DEFA14A 1 d447820ddefa14a.htm DEFA14A DEFA14A

 

 

UNITED STATES

SECURITIES AND EXCHANGE COMMISSION

Washington, D.C. 20549

 

 

SCHEDULE 14A

Proxy Statement Pursuant To Section 14(a) of the

Securities Exchange Act of 1934

(Amendment No.     )

 

 

Filed by the Registrant ☒                Filed by a Party other than the Registrant ☐

Check the appropriate box:

 

  

Preliminary Proxy Statement

  

Confidential, for Use of the Commission Only (as permitted by Rule 14a-6(e)(2))

  

Definitive Proxy Statement

  

Definitive Additional Materials

  

Soliciting Material Pursuant to § 240.14a-12

ROPER TECHNOLOGIES, INC.

(Formerly Roper Industries, Inc.)

(Name of Registrant as Specified in its Charter)

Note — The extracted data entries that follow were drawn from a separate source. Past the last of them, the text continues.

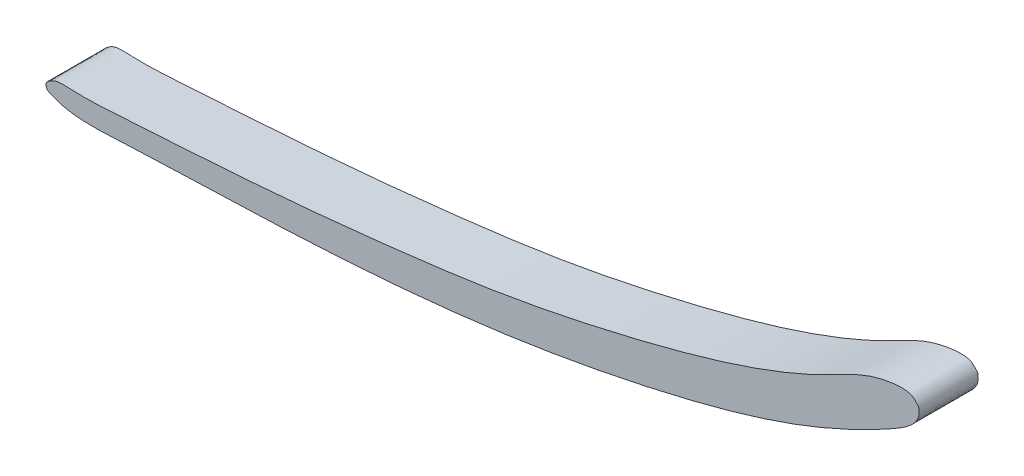
ISO-10303-21;
HEADER;
FILE_DESCRIPTION(('STEP AP214'),'2;1');
FILE_NAME('part.step','',(''),(''),'','','');
FILE_SCHEMA(('AUTOMOTIVE_DESIGN { 1 0 10303 214 1 1 1 1 }'));
ENDSEC;
DATA;
#1=APPLICATION_CONTEXT('core data for automotive mechanical design processes');
#2=APPLICATION_PROTOCOL_DEFINITION('international standard','automotive_design',2000,#1);
#3=PRODUCT_CONTEXT('',#1,'mechanical');
#4=PRODUCT('Part','Part','',(#3));
#5=PRODUCT_RELATED_PRODUCT_CATEGORY('part','',(#4));
#6=PRODUCT_DEFINITION_FORMATION('','',#4);
#7=PRODUCT_DEFINITION_CONTEXT('part definition',#1,'design');
#8=PRODUCT_DEFINITION('design','',#6,#7);
#9=PRODUCT_DEFINITION_SHAPE('','',#8);
#10=(LENGTH_UNIT() NAMED_UNIT(*) SI_UNIT(.MILLI.,.METRE.));
#11=(NAMED_UNIT(*) PLANE_ANGLE_UNIT() SI_UNIT($,.RADIAN.));
#12=(NAMED_UNIT(*) SI_UNIT($,.STERADIAN.) SOLID_ANGLE_UNIT());
#13=UNCERTAINTY_MEASURE_WITH_UNIT(LENGTH_MEASURE(1.E-05),#10,'distance_accuracy_value','');
#14=(GEOMETRIC_REPRESENTATION_CONTEXT(3) GLOBAL_UNCERTAINTY_ASSIGNED_CONTEXT((#13)) GLOBAL_UNIT_ASSIGNED_CONTEXT((#10,
#11,#12)) REPRESENTATION_CONTEXT('',''));
#15=CARTESIAN_POINT('',(0.,0.,0.));
#16=DIRECTION('',(0.,0.,1.));
#17=DIRECTION('',(1.,0.,0.));
#18=AXIS2_PLACEMENT_3D('',#15,#16,#17);
#19=CARTESIAN_POINT('',(63.9605641824805,0.,396.));
#20=CARTESIAN_POINT('',(63.9364417178556,0.0781121791034178,396.));
#21=CARTESIAN_POINT('',(63.8857154035115,0.141936559323125,396.));
#22=CARTESIAN_POINT('',(63.7791898423631,0.262983376319914,396.));
#23=CARTESIAN_POINT('',(63.7223889440184,0.320167276240679,396.));
#24=CARTESIAN_POINT('',(63.5554509824714,0.494989219660763,396.));
#25=CARTESIAN_POINT('',(63.4449655076295,0.613675125034685,396.));
#26=CARTESIAN_POINT('',(63.2621928824469,0.769373163164444,396.));
#27=CARTESIAN_POINT('',(63.1989324021187,0.817932085720896,396.));
#28=CARTESIAN_POINT('',(63.0638801444793,0.902851802525056,396.));
#29=CARTESIAN_POINT('',(62.9919915644782,0.939578358661985,396.));
#30=CARTESIAN_POINT('',(62.7673480034913,1.03371957762963,396.));
#31=CARTESIAN_POINT('',(62.6121126705674,1.07296788645708,396.));
#32=CARTESIAN_POINT('',(62.2963399681258,1.12868630365626,396.));
#33=CARTESIAN_POINT('',(62.1350838069397,1.1445633431546,396.));
#34=CARTESIAN_POINT('',(61.8149286968657,1.16381460467546,396.));
#35=CARTESIAN_POINT('',(61.6552935429728,1.16702172837577,396.));
#36=CARTESIAN_POINT('',(61.1775713763588,1.15947545009476,396.));
#37=CARTESIAN_POINT('',(60.8605818765506,1.13279895552021,396.));
#38=CARTESIAN_POINT('',(59.9117221460889,1.02217473067182,396.));
#39=CARTESIAN_POINT('',(59.2800657341597,0.902268558667568,396.));
#40=CARTESIAN_POINT('',(58.049044202402,0.596374024892515,396.));
#41=CARTESIAN_POINT('',(57.4468241031709,0.407853051652973,396.));
#42=CARTESIAN_POINT('',(55.677800613294,-0.258448287346613,396.));
#43=CARTESIAN_POINT('',(54.5458147503454,-0.829893929675807,396.));
#44=CARTESIAN_POINT('',(52.8553948630676,-1.70573860962117,396.));
#45=CARTESIAN_POINT('',(52.2927886399589,-1.99970275517772,396.));
#46=CARTESIAN_POINT('',(51.1619440430842,-2.57453645842998,396.));
#47=CARTESIAN_POINT('',(50.5942697187742,-2.85671741484489,396.));
#48=CARTESIAN_POINT('',(48.8788981631485,-3.67455018542304,396.));
#49=CARTESIAN_POINT('',(47.7188753123864,-4.18154528981252,396.));
#50=CARTESIAN_POINT('',(45.3762267641915,-5.1429845318901,396.));
#51=CARTESIAN_POINT('',(44.1938155475604,-5.59792733125708,396.));
#52=CARTESIAN_POINT('',(41.813306974254,-6.471343106736,396.));
#53=CARTESIAN_POINT('',(40.6140730196811,-6.88901575731155,396.));
#54=CARTESIAN_POINT('',(38.202880863236,-7.6827833974463,396.));
#55=CARTESIAN_POINT('',(36.991048696348,-8.05963742540589,396.));
#56=CARTESIAN_POINT('',(33.3412509259783,-9.14426503425753,396.));
#57=CARTESIAN_POINT('',(30.8904924722374,-9.8083890681549,396.));
#58=CARTESIAN_POINT('',(25.9730763418653,-11.0646026392726,396.));
#59=CARTESIAN_POINT('',(23.5046574026082,-11.6539917001972,396.));
#60=CARTESIAN_POINT('',(18.5518424970012,-12.7690686422222,396.));
#61=CARTESIAN_POINT('',(16.0688753832785,-13.2961352101383,396.));
#62=CARTESIAN_POINT('',(11.0874948241167,-14.2667992937747,396.));
#63=CARTESIAN_POINT('',(8.58809949624322,-14.7079820908635,396.));
#64=CARTESIAN_POINT('',(3.57276939772493,-15.5001894745998,396.));
#65=CARTESIAN_POINT('',(1.05918363406748,-15.8518553141857,396.));
#66=CARTESIAN_POINT('',(-3.97538595576315,-16.4996609221552,396.));
#67=CARTESIAN_POINT('',(-6.49625399443243,-16.7978188656575,396.));
#68=CARTESIAN_POINT('',(-14.0640727314466,-17.6449340687965,396.));
#69=CARTESIAN_POINT('',(-19.1169239021322,-18.1382658568147,396.));
#70=CARTESIAN_POINT('',(-29.2379405362892,-18.952070936949,396.));
#71=CARTESIAN_POINT('',(-34.304400435551,-19.2819696316091,396.));
#72=CARTESIAN_POINT('',(-40.6374996242203,-19.6887719971686,396.));
#73=CARTESIAN_POINT('',(-41.9041764505805,-19.7692774024994,396.));
#74=CARTESIAN_POINT('',(-43.8045592248311,-19.8840338546491,396.));
#75=CARTESIAN_POINT('',(-44.438097937279,-19.9209529314474,396.));
#76=CARTESIAN_POINT('',(-45.7051757534743,-19.9947843792109,396.));
#77=CARTESIAN_POINT('',(-46.3388124461785,-20.0322724169331,396.));
#78=CARTESIAN_POINT('',(-47.6062580388319,-20.0917064911756,396.));
#79=CARTESIAN_POINT('',(-48.2399898388446,-20.1123758225531,396.));
#80=CARTESIAN_POINT('',(-49.1906180472217,-20.1127223035103,396.));
#81=CARTESIAN_POINT('',(-49.5074985051993,-20.1084278227332,396.));
#82=CARTESIAN_POINT('',(-50.1412708383086,-20.0883658877208,396.));
#83=CARTESIAN_POINT('',(-50.4581644305675,-20.0708729108979,396.));
#84=CARTESIAN_POINT('',(-51.0919483047523,-20.039213474975,396.));
#85=CARTESIAN_POINT('',(-51.4090305104685,-20.0272061181891,396.));
#86=CARTESIAN_POINT('',(-51.8833192732668,-20.0347122417491,396.));
#87=CARTESIAN_POINT('',(-52.0412251105031,-20.0410921914749,396.));
#88=CARTESIAN_POINT('',(-52.3562793294255,-20.0692779346559,396.));
#89=CARTESIAN_POINT('',(-52.5147219686342,-20.0912910497223,396.));
#90=CARTESIAN_POINT('',(-52.8234741528538,-20.1604842715979,396.));
#91=CARTESIAN_POINT('',(-52.9729373663881,-20.2076086092815,396.));
#92=CARTESIAN_POINT('',(-53.2586118565247,-20.3356494173459,396.));
#93=CARTESIAN_POINT('',(-53.395476809306,-20.4164761160239,396.));
#94=CARTESIAN_POINT('',(-53.5942181610452,-20.5488360623561,396.));
#95=CARTESIAN_POINT('',(-53.6590011614056,-20.5950575144297,396.));
#96=CARTESIAN_POINT('',(-53.7866468230102,-20.690256711473,396.));
#97=CARTESIAN_POINT('',(-53.8513569341475,-20.7369224567513,396.));
#98=CARTESIAN_POINT('',(-53.9422432805334,-20.8139369004266,396.));
#99=CARTESIAN_POINT('',(-53.9710040329837,-20.841364882774,396.));
#100=CARTESIAN_POINT('',(-54.0208251022194,-20.9050342025866,396.));
#101=CARTESIAN_POINT('',(-54.0407323270708,-20.9407964212352,396.));
#102=CARTESIAN_POINT('',(-54.0845829835444,-21.0534821158939,396.));
#103=CARTESIAN_POINT('',(-54.0911305463997,-21.1367832058413,396.));
#104=CARTESIAN_POINT('',(-54.0764145103459,-21.29770414158,396.));
#105=CARTESIAN_POINT('',(-54.0627481642123,-21.3771091184307,396.));
#106=CARTESIAN_POINT('',(-54.0269169213589,-21.5344971194906,396.));
#107=CARTESIAN_POINT('',(-54.002334722053,-21.6127407497809,396.));
#108=CARTESIAN_POINT('',(-53.93554314897,-21.7149574492617,396.));
#109=CARTESIAN_POINT('',(-53.9087295493738,-21.7448700004751,396.));
#110=CARTESIAN_POINT('',(-53.8447872628207,-21.7952643519712,396.));
#111=CARTESIAN_POINT('',(-53.8096457590253,-21.815342094121,396.));
#112=CARTESIAN_POINT('',(-53.7008002561413,-21.8677218020153,396.));
#113=CARTESIAN_POINT('',(-53.6234135329775,-21.8931380554598,396.));
#114=CARTESIAN_POINT('',(-53.2441215006423,-22.0347755220134,396.));
#115=CARTESIAN_POINT('',(-52.9534547832471,-22.1819803276002,396.));
#116=CARTESIAN_POINT('',(-52.3506304620983,-22.4151637666387,396.));
#117=CARTESIAN_POINT('',(-52.0400275406136,-22.5041159918664,396.));
#118=CARTESIAN_POINT('',(-51.4088346517422,-22.6519862698636,396.));
#119=CARTESIAN_POINT('',(-51.0891651190677,-22.7120053440771,396.));
#120=CARTESIAN_POINT('',(-49.4950921338197,-22.9607792013295,396.));
#121=CARTESIAN_POINT('',(-48.211797206383,-22.9767210211052,396.));
#122=CARTESIAN_POINT('',(-46.2841950601758,-22.9400429082679,396.));
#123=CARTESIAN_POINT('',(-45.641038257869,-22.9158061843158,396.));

(Name of Person(s) Filing Proxy Statement, if other than the Registrant)

Payment of Filing Fee (Check all boxes that apply):

 

   No fee required

 

   Fee paid previously with preliminary materials

 

   Fee computed on table in exhibit required by Item 25(b) per Exchange Act Rules 14a-6(i)(1) and 0-11

 

 

 

 


SUPPLEMENT TO THE PROXY STATEMENT DATED APRIL 28, 2023

FOR THE ANNUAL MEETING OF SHAREHOLDERS

TO BE HELD ON JUNE 13, 2023

The following information supplements and amends the proxy statement (the “Proxy Statement”) of Roper Technologies, Inc. (the “Company”) filed with the U.S. Securities and Exchange Commission on April 28, 2023 and furnished to shareholders of the Company in connection with the solicitation of proxies by the Board of Directors of the Company for the 2023 Annual Meeting of Shareholders of the Company to be held on June 13, 2023 and any adjournment or postponement thereof. Capitalized terms used in this supplement to the Proxy Statement (this “Supplement”) and not otherwise defined herein have the meaning given to them in the Proxy Statement.

The Company is filing this Supplement solely to further highlight the treatment of broker non-votes with respect to voting on the proposal to amend and restate the Company’s Restated Certificate of Incorporation to permit the exculpation of officers. On pages 57 and 60 of the Proxy Statement the Company states “Abstentions and broker-non votes will have the effect of votes against the proposal.”

The text below replaces, in its entirety, the paragraph titled “Q: How are broker non-votes and abstentions treated?” on page 60 of the Proxy Statement:

“Q: How are broker non-votes and abstentions treated?

A: Broker non-votes are not treated as votes cast for purposes of the election of directors, so they will have no effect on the election of directors. Broker non-votes are not treated as entitled to vote for all other matters proposed for a vote at the meeting, so they will have no effect on those matters except as more specifically described on page 57 and below with respect to the proposal to approve the amendment to and restatement of our Restated Certificate of Incorporation. Abstentions are not treated as votes cast for purposes of the election of directors, so they will have no effect on the election of directors. Abstentions are treated as present and entitled to vote so they will have the effect of a vote cast against the approval for all other matters proposed for a vote at the meeting.”

Except as described above, this Supplement to the Proxy Statement does not modify, amend, supplement, or otherwise affect the Proxy Statement. This Supplement should be read in conjunction with the Proxy Statement.

If you have already voted, you do not need to vote again unless you would like to change or revoke your prior vote on any proposal. If you would like to change or revoke your prior vote on any proposal, please refer to the Proxy Statement for instructions on how to do so.